Yes that's the part, which B-field should I cross with, that's the dilemma I have been problems with.

The problem sort of hints that I use the on going out so that Fb = Fg, but I don't understand why I must cross with the one coming out of page

 

[gneill]

Yes that's the part, which B-field should I cross with, that's the dilemma I have been problems with.

The problem sort of hints that I use the on going out so that Fb = Fg, but I don't understand why I must cross with the one coming out of page

Because the external field is the one that provides the "traction" for applying a force to the wire. In the absence of an external field, a current carrying wire does not experience any force; it's own field is symmetrical about the wire, so there is no net force in any direction.

 

[flyingpig]

Because the external field is the one that provides the "traction" for applying a force to the wire.
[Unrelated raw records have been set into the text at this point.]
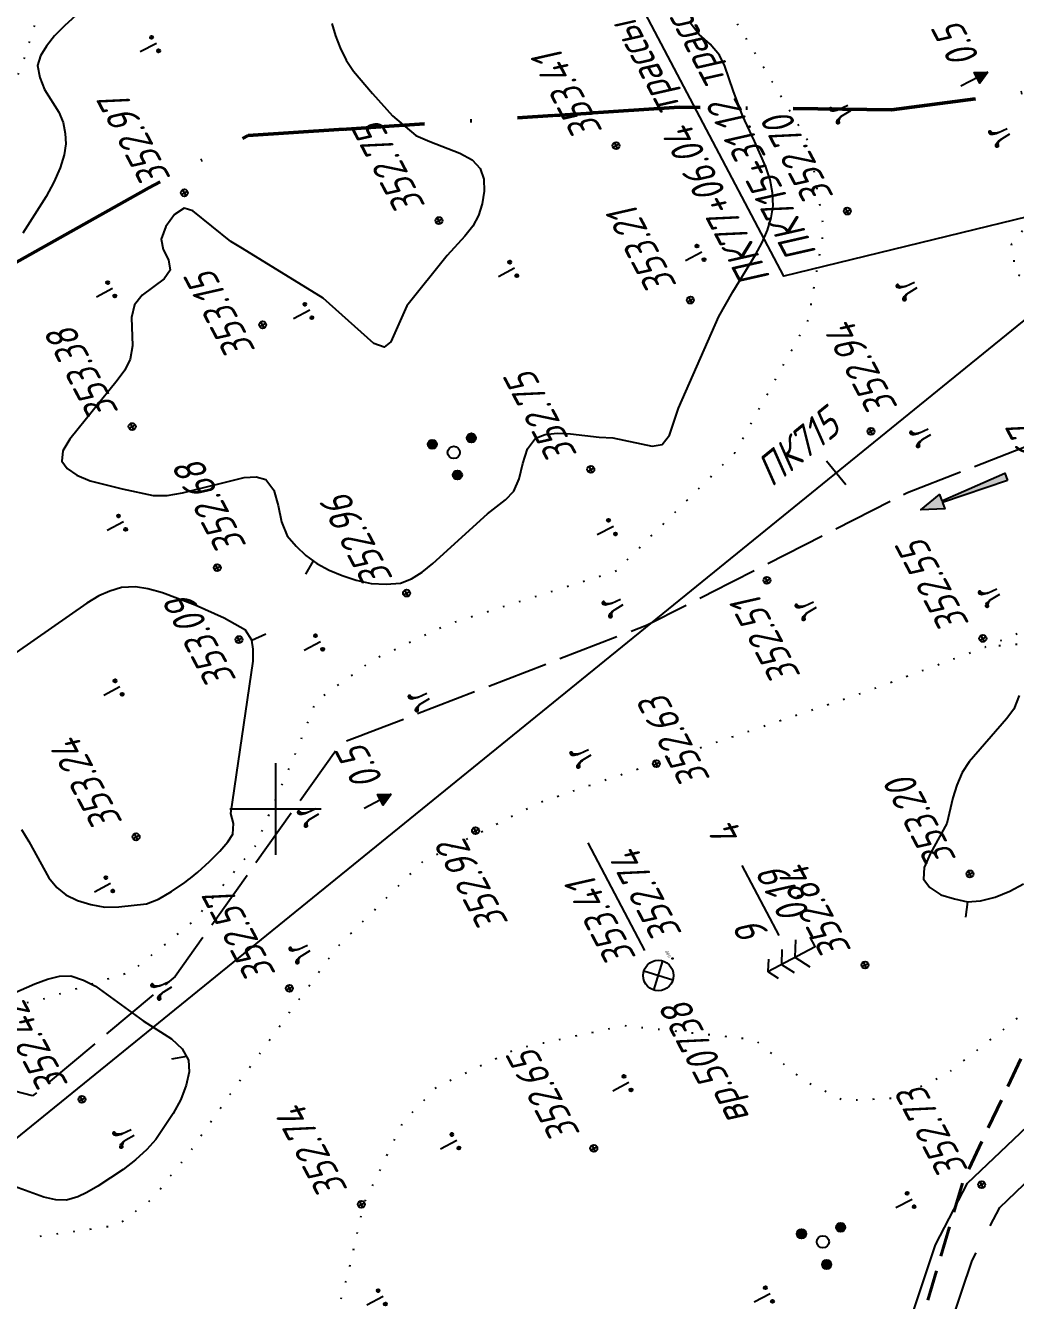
# Model space of a CAD drawing. Extents: x 1519167 to 1519613, y 2186570 to 2187012.
# Drawn here: x 1519283.6 to 1519348.5, y 2186667.8 to 2186751.3 of the extents above; entities that cross this region are included whole.
import ezdxf
from ezdxf.enums import TextEntityAlignment as Align

# ---------------------------------------------------------------- set-up
doc = ezdxf.new("R2010")
doc.units = 0
for name, pattern in [('ACAD_ISO10W100', [18, 12, -3, 0, -3]), ('IZ_HIDDEN', [3, 2, -1]), ('ИИDash_40_10', [5, 4, -1]), ('ИИDash_50_20', [7, 5, -2]), ('ИИDot', [1, 0, -1])]:
    doc.linetypes.add(name, pattern=pattern)
for name, color, linetype, lineweight in [('ИИ_ГЕОПУНКТ_025', 7, 'Continuous', 25), ('ИИ_ГЕОСЕТКА_025', 3, 'Continuous', 25), ('ИИ_ГИДРОГРАФИЯ_025', 3, 'Continuous', 25), ('ИИ_ГИДРОЛОГИЯ_025', 150, 'Continuous', 25), ('ИИ_ГРАНИЦА_025', 7, 'Continuous', 25), ('ИИ_ДОРОГА_025', 7, 'Continuous', 25), ('ИИ_КОНТУР_025', 7, 'ИИDot', 25), ('ИИ_ОТМЕТКА_025', 7, 'Continuous', 25), ('ИИ_ПИКЕТАЖ_025', 7, 'Continuous', 25), ('ИИ_РАЗМЕР_025', 7, 'Continuous', 25), ('ИИ_РЕЛЬЕФ_025', 34, 'Continuous', 25), ('ИИ_ТРАССА_АД_025', 1, 'Continuous', 25), ('ИИ_УГОДЬЯ_025', 7, 'Continuous', 25)]:
    doc.layers.add(name, color=color, linetype=linetype, lineweight=lineweight)
doc.styles.add('VNIPISIMPLEXCUR', font='simplex.shx', dxfattribs={"width": 0.8, "oblique": 15})
doc.dimstyles.new('ИИ-1000-м-dm$2', dxfattribs={"dimtxt": 2.5, "dimasz": 2.5, "dimexe": 1.25, "dimexo": 0, "dimgap": 1, "dimtad": 2, "dimtoh": 1, "dimzin": 1, "dimdsep": 46, "dimtxsty": 'VNIPISIMPLEXCUR', "dimcen": 2.5, "dimaunit": 1, "dimazin": 0, "dimtfac": 1, "dimtmove": 1, "dimatfit": 2, "dimfxl": 1, "dimarcsym": 0})

# ---------------------------------------------------------------- blocks, each defined once
blk = doc.blocks.new('ИИ05403')
at = {"linetype": 'Continuous', "lineweight": 25}
for points in [[(-0.372, 1.104), (-0.431, 1.161), (-0.48, 1.184), (-0.522, 1.188), (-0.557, 1.174), (-0.584, 1.138), (-0.586, 1.087), (-0.571, 1.061), (-0.533, 1.036), (-0.476, 1.021), (-0.421, 1.002), (-0.364, 0.955), (-0.323, 0.896), (-0.283, 0.809), (-0.251, 0.709), (-0.232, 0.626), (-0.236, 0.688), (-0.255, 0.786), (-0.277, 0.879), (-0.302, 0.97), (-0.328, 1.042)], [(0.421, 1.002), (0.476, 1.021), (0.533, 1.036), (0.571, 1.061), (0.586, 1.087), (0.584, 1.138), (0.557, 1.174), (0.522, 1.188), (0.48, 1.184), (0.431, 1.161), (0.372, 1.104), (0.328, 1.042), (0.302, 0.97), (0.277, 0.879), (0.255, 0.786), (0.236, 0.688), (0.232, 0.626), (0.251, 0.709), (0.283, 0.809), (0.323, 0.896), (0.364, 0.955)]]:
    blk.add_hatch(color=0, dxfattribs=at).paths.add_polyline_path(points)
at = {"color": 0, "linetype": 'Continuous', "lineweight": 25}
for points in [[(-0.232, 0.626), (-0.251, 0.709), (-0.283, 0.809), (-0.323, 0.896), (-0.364, 0.955), (-0.421, 1.002), (-0.476, 1.021), (-0.533, 1.036), (-0.571, 1.061), (-0.586, 1.087), (-0.584, 1.138), (-0.557, 1.174), (-0.522, 1.188), (-0.48, 1.184), (-0.431, 1.161), (-0.372, 1.104), (-0.328, 1.042), (-0.302, 0.97), (-0.277, 0.879), (-0.255, 0.786), (-0.236, 0.688), (-0.232, 0.626), (-0.2, 0)], [(0.232, 0.626), (0.251, 0.709), (0.283, 0.809), (0.323, 0.896), (0.364, 0.955), (0.421, 1.002), (0.476, 1.021), (0.533, 1.036), (0.571, 1.061), (0.586, 1.087), (0.584, 1.138), (0.557, 1.174), (0.522, 1.188), (0.48, 1.184), (0.431, 1.161), (0.372, 1.104), (0.328, 1.042), (0.302, 0.97), (0.277, 0.879), (0.255, 0.786), (0.236, 0.688), (0.232, 0.626), (0.2, 0)]]:
    blk.add_lwpolyline(points, dxfattribs=at)
blk = doc.blocks.new('ИИ05407')
at = {"linetype": 'Continuous', "lineweight": 25}
h = blk.add_hatch(color=0, dxfattribs=at)
edge = h.paths.add_edge_path()
edge.add_arc((-0.5, 0.1), 0.1, 0, 360)
h = blk.add_hatch(color=0, dxfattribs=at)
edge = h.paths.add_edge_path()
edge.add_arc((0.5, 0.1), 0.1, 0, 360)
at = {"color": 0, "linetype": 'Continuous', "lineweight": 25}
blk.add_lwpolyline([(0, 0), (0, 1.2)], dxfattribs=at)
for centre in [(-0.5, 0.1), (0.5, 0.1)]:
    blk.add_circle(centre, 0.1, dxfattribs=at)
blk = doc.blocks.new('ИИ053296')
at = {"color": 0, "linetype": 'Continuous', "lineweight": 25}
blk.add_lwpolyline([(0, 0), (1, 0)], dxfattribs=at)
blk = doc.blocks.new('ИИ053951')
at = {"linetype": 'Continuous', "lineweight": 25}
h = blk.add_hatch(color=0, dxfattribs=at)
edge = h.paths.add_edge_path()
edge.add_arc((1.16, 0.95), 0.3, 0, 360)
h = blk.add_hatch(color=0, dxfattribs=at)
edge = h.paths.add_edge_path()
edge.add_arc((-1.403, 0.53), 0.3, 0, 360)
h = blk.add_hatch(color=0, dxfattribs=at)
edge = h.paths.add_edge_path()
edge.add_arc((0.243, -1.48), 0.3, 0, 360)
at = {"color": 0, "linetype": 'Continuous', "lineweight": 25}
for centre, radius in [((1.16, 0.95), 0.3), ((-1.403, 0.53), 0.3), ((0, 0), 0.4), ((0.243, -1.48), 0.3)]:
    blk.add_circle(centre, radius, dxfattribs=at)
blk = doc.blocks.new('ИИ05012')
at = {"color": 0, "linetype": 'Continuous', "lineweight": 25, "flags": 128}
for points in [[(0, 3), (0, -3)], [(-3, 0), (3, 0)]]:
    blk.add_lwpolyline(points, dxfattribs=at)
blk = doc.blocks.new('ИИ0523811')
at = {"linetype": 'Continuous', "lineweight": 25}
blk.add_hatch(color=0, dxfattribs=at).paths.add_polyline_path([(6, -0.25), (1.5, -0.0625), (1.5, -0.5), (0, 0), (1.5, 0.5), (1.5, 0.0625), (6, 0.25)])
at = {"color": 0, "linetype": 'Continuous', "lineweight": 25}
blk.add_lwpolyline([(6, -0.25), (1.5, -0.0625), (1.5, -0.5), (0, 0), (1.5, 0.5), (1.5, 0.0625), (6, 0.25)], close=True, dxfattribs=at)
blk = doc.blocks.new('PICKET')
at = {"color": 0, "linetype": 'Continuous', "lineweight": 25}
for p, q in [((-0.23, 0), (0.23, 0)), ((0, 0.23), (0, -0.23))]:
    blk.add_line(p, q, dxfattribs=at)
blk.add_circle((0, 0), 0.23, dxfattribs=at)
at = {"color": 0, "linetype": 'Continuous', "style": 'VNIPISIMPLEXCUR', "oblique": 15, "width": 0.8}
blk.add_attdef('OTMETKA', (1.25, 0.3), '', height=2, dxfattribs=at)
at = {"color": 8, "linetype": 'Continuous', "style": 'VNIPISIMPLEXCUR', "oblique": 15, "width": 0.8, "flags": 1}
blk.add_attdef('NOMER', (1.25, -2.7), '', height=2, dxfattribs=at)
blk = doc.blocks.new('ИИ053672А')
at = {"color": 0, "linetype": 'Continuous'}
for points in [[(0.7, 3.096), (0, 3.5), (-0.7, 3.096)], [(0, 3.5), (0, 0), (0.7, 0)], [(0.85, 2.009), (0, 2.5), (-0.85, 2.009)], [(1, 0.923), (0, 1.5), (-1, 0.923)]]:
    blk.add_lwpolyline(points, dxfattribs=at)
at = {"color": 0, "linetype": 'Continuous', "style": 'VNIPISIMPLEXCUR', "oblique": 15, "width": 0.8}
blk.add_attdef('RACE1', text='', height=2, dxfattribs=at).set_placement((-2, 2.25), align=Align.RIGHT)
blk.add_attdef('HEIGHT', (2, 2.25), '', height=2, dxfattribs=at)
blk.add_attdef('DISTANCE', text='', height=2, dxfattribs=at).set_placement((8.5, 1.75), align=Align.MIDDLE_LEFT)
blk.add_attdef('RACE2', text='', height=2, dxfattribs=at).set_placement((-2, 1.25), align=Align.TOP_RIGHT)
blk.add_attdef('THICKNESS', text='', height=2, dxfattribs=at).set_placement((2, 1.25), align=Align.TOP_LEFT)
blk = doc.blocks.new('ИИ05466')
at = {"linetype": 'Continuous', "lineweight": 25}
blk.add_hatch(color=0, dxfattribs=at).paths.add_polyline_path([(0, 0), (-0.4, 0.8), (0.4, 0.8)])
at = {"color": 0, "linetype": 'Continuous', "lineweight": 25}
for points in [[(0, 0), (0, 2)], [(0, 0), (-0.4, 0.8), (0.4, 0.8), (0, 0)]]:
    blk.add_lwpolyline(points, dxfattribs=at)
at = {"color": 0, "linetype": 'Continuous', "style": 'VNIPISIMPLEXCUR', "oblique": 15, "width": 0.8}
blk.add_attdef('DEPTH', (1, 0), '', height=2, dxfattribs=at)
blk = doc.blocks.new('ИИ15001')
at = {"color": 0, "linetype": 'Continuous', "lineweight": 25}
blk.add_lwpolyline([(0, 1), (0, -1)], dxfattribs=at)
at = {"color": 0, "linetype": 'Continuous', "lineweight": 25, "style": 'VNIPISIMPLEXCUR', "oblique": 15, "width": 0.8}
blk.add_attdef('STATIONING', text='', height=2, dxfattribs=at).set_placement((0, 2), align=Align.CENTER)
at = {"color": 7, "linetype": 'Continuous', "lineweight": 25, "style": 'VNIPISIMPLEXCUR', "oblique": 15, "width": 0.8}
blk.add_attdef('HEIGHT', text='', height=2, dxfattribs=at).set_placement((0, -2), align=Align.TOP_CENTER)
blk = doc.blocks.new('ИИ050117Р')
at = {"color": 0, "linetype": 'Continuous', "lineweight": 25}
for points in [[(-0.707, -0.707), (0.707, 0.707)], [(-0.707, 0.707), (0.707, -0.707)]]:
    blk.add_lwpolyline(points, dxfattribs=at)
blk.add_circle((0, 0), 1, dxfattribs=at)
at = {"color": 0, "linetype": 'Continuous', "style": 'VNIPISIMPLEXCUR', "oblique": 15, "width": 0.8}
for tag, p in [('CENTRE', (1.7, 0.7)), ('HEIGHT', (1.7, -2.7))]:
    blk.add_attdef(tag, p, '', height=2, dxfattribs=at)
blk.add_attdef('NUMBER', text='', height=2, dxfattribs=at).set_placement((-2.25, -1), align=Align.RIGHT)
at = {"color": 253, "linetype": 'Continuous', "style": 'VNIPISIMPLEXCUR', "oblique": 15, "width": 0.8, "flags": 1}
blk.add_attdef('NOTE', text='', height=1.6, dxfattribs=at).set_placement((-2.25, -4), align=Align.RIGHT)
blk = doc.blocks.new('ИИ150022')
at = {"linetype": 'Continuous', "lineweight": 25}
h = blk.add_hatch(color=0, dxfattribs=at)
edge = h.paths.add_edge_path()
edge.add_arc((0, 0), 0.3, 0, 360)
at = {"color": 0, "linetype": 'Continuous', "lineweight": 25}
blk.add_circle((0, 0), 0.3, dxfattribs=at)
at = {"color": 0, "linetype": 'Continuous', "style": 'VNIPISIMPLEXCUR', "oblique": 15, "width": 0.8}
for tag, p in [('STATIONING1', (1, 4.7)), ('STATIONING2', (1, 1.3))]:
    blk.add_attdef(tag, p, '', height=2, dxfattribs=at)
at = {"color": 7, "linetype": 'Continuous', "style": 'VNIPISIMPLEXCUR', "oblique": 15, "width": 0.8}
blk.add_attdef('HEIGHT', text='', height=2, dxfattribs=at).set_placement((0, -1.3), align=Align.TOP_CENTER)
blk = doc.blocks.new('*D42')
at = {"layer": 'Defpoints', "color": 0, "transparency": 16777216}
for p in [(1519482.409, 2186840.189), (1519363.307, 2186746.816), (1519375.849, 2186713.319), (1519273.871, 2186671.021), (1519434.058, 2186602.839)]:
    blk.add_point(p, dxfattribs=at)
at = {"layer": 'ИИ_РАЗМЕР_025', "color": 0, "lineweight": -2, "transparency": 16777216}
for p, q in [((1519367.834, 2186756.781), (1519364.262, 2186763.563)), ((1519362.071, 2186747.221), (1519367.834, 2186756.781)), ((1519360.927, 2186741.642), (1519357.69, 2186747.786))]:
    blk.add_line(p, q, dxfattribs=at)
blk.add_arc((1519360.927, 2186741.642), 5.695, 59.27436, 97.55834, dxfattribs=at)
at = {"layer": 'ИИ_РАЗМЕР_025', "color": 0, "transparency": 16777216}
for points in [[(1519360.279, 2186746.97), (1519360.077, 2186747.605), (1519358.272, 2186746.68)], [(1519364.055, 2186746.79), (1519363.619, 2186746.285), (1519365.35, 2186745.23)]]:
    blk.add_solid(points, dxfattribs=at)
at = {"layer": 'ИИ_РАЗМЕР_025', "color": 0, "transparency": 16777216, "insert": (1519364.436, 2186759.605), "char_height": 2, "attachment_point": 5, "rotation": 117.7798, "style": 'VNIPISIMPLEXCUR'}
blk.add_mtext("78°44'", dxfattribs=at)
blk = doc.blocks.new('*D43')
at = {"layer": 'Defpoints', "color": 0, "transparency": 16777216}
for p in [(1519297.92, 2186946.834), (1519482.409, 2186840.189), (1519396.448, 2186775.815), (1519273.871, 2186671.021), (1519469.341, 2186621.426)]:
    blk.add_point(p, dxfattribs=at)
at = {"layer": 'ИИ_РАЗМЕР_025', "color": 0, "lineweight": -2, "transparency": 16777216}
for p, q in [((1519395.361, 2186782.255), (1519391.789, 2186789.037)), ((1519394.405, 2186776.485), (1519395.361, 2186782.255))]:
    blk.add_line(p, q, dxfattribs=at)
blk.add_arc((1519392.515, 2186767.266), 9.411, 51.24897, 105.5802, dxfattribs=at)
at = {"layer": 'ИИ_РАЗМЕР_025', "color": 0, "transparency": 16777216}
for points in [[(1519390.11, 2186776.021), (1519389.864, 2186776.641), (1519388.129, 2186775.592)], [(1519398.64, 2186774.841), (1519398.17, 2186774.369), (1519399.823, 2186773.195)]]:
    blk.add_solid(points, dxfattribs=at)
at = {"layer": 'ИИ_РАЗМЕР_025', "color": 0, "transparency": 16777216, "insert": (1519391.963, 2186785.079), "char_height": 2, "attachment_point": 5, "rotation": 117.7798, "style": 'VNIPISIMPLEXCUR'}
blk.add_mtext("78°44'", dxfattribs=at)

msp = doc.modelspace()

# ---------------------------------------------------------------- linework, layer by layer
at = {"layer": 'ИИ_КОНТУР_025', "flags": 128}
msp.add_lwpolyline([(1519270.279, 2186741.321), (1519274.784, 2186743.125), (1519277.156, 2186743.279), (1519280.663, 2186744.516), (1519282.261, 2186746.113), (1519283.396, 2186748.741), (1519285.216, 2186754.54)], dxfattribs=at)
msp.add_lwpolyline([(1519368.299, 2186750.23), (1519365.167, 2186750.23), (1519362.525, 2186750.132), (1519358.22, 2186747.394), (1519356.067, 2186744.852), (1519352.74, 2186742.212), (1519350, 2186739.084), (1519348.238, 2186737.03), (1519348.532, 2186735.075), (1519351.663, 2186733.706), (1519357.045, 2186732.631), (1519362.721, 2186732.631), (1519365.853, 2186732.412), (1519369.3, 2186735.933), (1519370.811, 2186737.845), (1519372.604, 2186740.941), (1519372.996, 2186743.777), (1519373.094, 2186746.221), (1519372.507, 2186748.176), (1519371.528, 2186749.35)], close=True, dxfattribs=at)

# ---------------------------------------------------------------- block references
at = {"layer": 'ИИ_РЕЛЬЕФ_025'}
for p, rotation in [((1519298.443, 2186711.069, 353), 23.25351476384716), ((1519345.376, 2186693.907, 353), 262.0929155771915), ((1519294.159, 2186683.785, 352.5), 190.1950352859118)]:
    msp.add_blockref('ИИ053296', p, dxfattribs=dict(at, rotation=rotation))
at = {"layer": 'ИИ_УГОДЬЯ_025', "rotation": 117.7797222222222}
for name, p in [('ИИ05403', (1519348.059, 2186744.411)), ('ИИ05407', (1519302.24, 2186732.681)), ('ИИ05403', (1519342.882, 2186724.723)), ('ИИ05407', (1519290.027, 2186718.808)), ('ИИ05407', (1519322.152, 2186718.513)), ('ИИ05403', (1519322.709, 2186713.572)), ('ИИ05403', (1519347.394, 2186714.253)), ('ИИ05407', (1519302.947, 2186710.952)), ('ИИ05403', (1519310.005, 2186707.415)), ('ИИ05403', (1519320.605, 2186703.714)), ('ИИ05403', (1519302.739, 2186699.85)), ('ИИ05407', (1519289.19, 2186695.104)), ('ИИ05403', (1519302.182, 2186690.898)), ('ИИ05403', (1519293.119, 2186688.516)), ('ИИ05403', (1519290.632, 2186678.806)), ('ИИ05407', (1519311.877, 2186678.266)), ('ИИ05407', (1519307.056, 2186668.038))]:
    msp.add_blockref(name, p, dxfattribs=at)
at = {"layer": 'ИИ_УГОДЬЯ_025'}
for p in [(1519311.684, 2186723.364), (1519335.89, 2186671.625)]:
    msp.add_blockref('ИИ053951', p, dxfattribs=at)

# ---------------------------------------------------------------- wipeouts: each hides what was drawn before it
at = {"lineweight": 0}
for points, layer in [([(1519323.83, 2186690.29), (1519320.124, 2186697.325), (1519318.106, 2186696.262), (1519321.813, 2186689.227)], 'ИИ_ГЕОПУНКТ_025'), ([(1519332.075, 2186678.285), (1519326.913, 2186688.084), (1519324.896, 2186687.021), (1519330.058, 2186677.222)], 'ИИ_ГЕОПУНКТ_025'), ([(1519346.336, 2186749.271), (1519344.547, 2186752.666), (1519342.53, 2186751.603), (1519344.319, 2186748.208)], 'ИИ_ОТМЕТКА_025'), ([(1519293.316, 2186741.373), (1519289.291, 2186749.015), (1519287.273, 2186747.952), (1519291.299, 2186740.31)], 'ИИ_ОТМЕТКА_025'), ([(1519298.868, 2186730.081), (1519295.055, 2186737.319), (1519293.038, 2186736.256), (1519296.851, 2186729.019)], 'ИИ_ОТМЕТКА_025'), ([(1519289.715, 2186725.922), (1519285.761, 2186733.429), (1519283.743, 2186732.366), (1519287.698, 2186724.859)], 'ИИ_ОТМЕТКА_025'), ([(1519319.757, 2186722.859), (1519315.802, 2186730.366), (1519313.785, 2186729.304), (1519317.74, 2186721.796)], 'ИИ_ОТМЕТКА_025'), ([(1519352.884, 2186719.928), (1519348.858, 2186727.57), (1519346.841, 2186726.507), (1519350.866, 2186718.865)], 'ИИ_ОТМЕТКА_025'), ([(1519307.884, 2186715.138), (1519303.964, 2186722.577), (1519301.947, 2186721.515), (1519305.866, 2186714.075)], 'ИИ_ОТМЕТКА_025'), ([(1519345.342, 2186711.424), (1519341.387, 2186718.931), (1519339.37, 2186717.868), (1519343.325, 2186710.361)], 'ИИ_ОТМЕТКА_025'), ([(1519297.617, 2186708.499), (1519293.698, 2186715.939), (1519291.681, 2186714.876), (1519295.6, 2186707.437)], 'ИИ_ОТМЕТКА_025'), ([(1519334.62, 2186708.77), (1519330.914, 2186715.805), (1519328.897, 2186714.742), (1519332.603, 2186707.707)], 'ИИ_ОТМЕТКА_025'), ([(1519290.154, 2186699.168), (1519286.259, 2186706.561), (1519284.242, 2186705.498), (1519288.136, 2186698.105)], 'ИИ_ОТМЕТКА_025'), ([(1519307.23, 2186701.952), (1519305.442, 2186705.347), (1519303.425, 2186704.285), (1519305.213, 2186700.889)], 'ИИ_ОТМЕТКА_025'), ([(1519344.778, 2186696.345), (1519340.836, 2186703.829), (1519338.818, 2186702.767), (1519342.761, 2186695.282)], 'ИИ_ОТМЕТКА_025'), ([(1519315.454, 2186692.575), (1519311.511, 2186700.059), (1519309.494, 2186698.997), (1519313.436, 2186691.512)], 'ИИ_ОТМЕТКА_025'), ([(1519300.203, 2186689.238), (1519296.178, 2186696.88), (1519294.16, 2186695.817), (1519298.186, 2186688.175)], 'ИИ_ОТМЕТКА_025'), ([(1519325.959, 2186690.305), (1519325.71, 2186690.777), (1519325.509, 2186690.671), (1519325.757, 2186690.199)], 'ИИ_ОТМЕТКА_025'), ([(1519285.986, 2186681.871), (1519282.043, 2186689.355), (1519280.026, 2186688.293), (1519283.969, 2186680.808)], 'ИИ_ОТМЕТКА_025'), ([(1519321.74, 2186679.734), (1519317.786, 2186687.242), (1519315.768, 2186686.179), (1519319.723, 2186678.672)], 'ИИ_ОТМЕТКА_025'), ([(1519345.593, 2186676.376), (1519341.603, 2186683.951), (1519339.586, 2186682.889), (1519343.576, 2186675.314)], 'ИИ_ОТМЕТКА_025'), ([(1519304.918, 2186675.086), (1519301.023, 2186682.479), (1519299.006, 2186681.417), (1519302.901, 2186674.023)], 'ИИ_ОТМЕТКА_025'), ([(1519296.915, 2186662.173), (1519292.96, 2186669.68), (1519290.943, 2186668.618), (1519294.898, 2186661.111)], 'ИИ_ОТМЕТКА_025'), ([(1519333.514, 2186661.964), (1519329.488, 2186669.606), (1519327.471, 2186668.543), (1519331.497, 2186660.901)], 'ИИ_ОТМЕТКА_025'), ([(1519332.549, 2186735.031), (1519309.063, 2186779.613), (1519307.046, 2186778.551), (1519330.532, 2186733.968)], 'ИИ_ПИКЕТАЖ_025'), ([(1519332.227, 2186720.615), (1519337.949, 2186725.257), (1519336.513, 2186727.028), (1519330.791, 2186722.386)], 'ИИ_ПИКЕТАЖ_025'), ([(1519331.614, 2186693.463), (1519330.915, 2186694.791), (1519328.898, 2186693.729), (1519329.597, 2186692.401)], 'ИИ_УГОДЬЯ_025')]:
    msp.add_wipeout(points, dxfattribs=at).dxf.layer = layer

In the absence of an external field, a current carrying wire does not experience any force; it's own field is symmetrical about the wire, so there is no net force in any direction.

Oh okay, so that means that the bottom B-field that's coming out of the page is the sum of the rod's own B-field and the vertical bars and hence we cross it with that!

Wow that makes so much more sense now

thanks lol

 

[gneill]

F = I*L x B, where B is the external magnetic field, I is the current in the wire, L is the length of the wire. You don't include the wire's own field in the calculation; that's taken care of by the I*L term.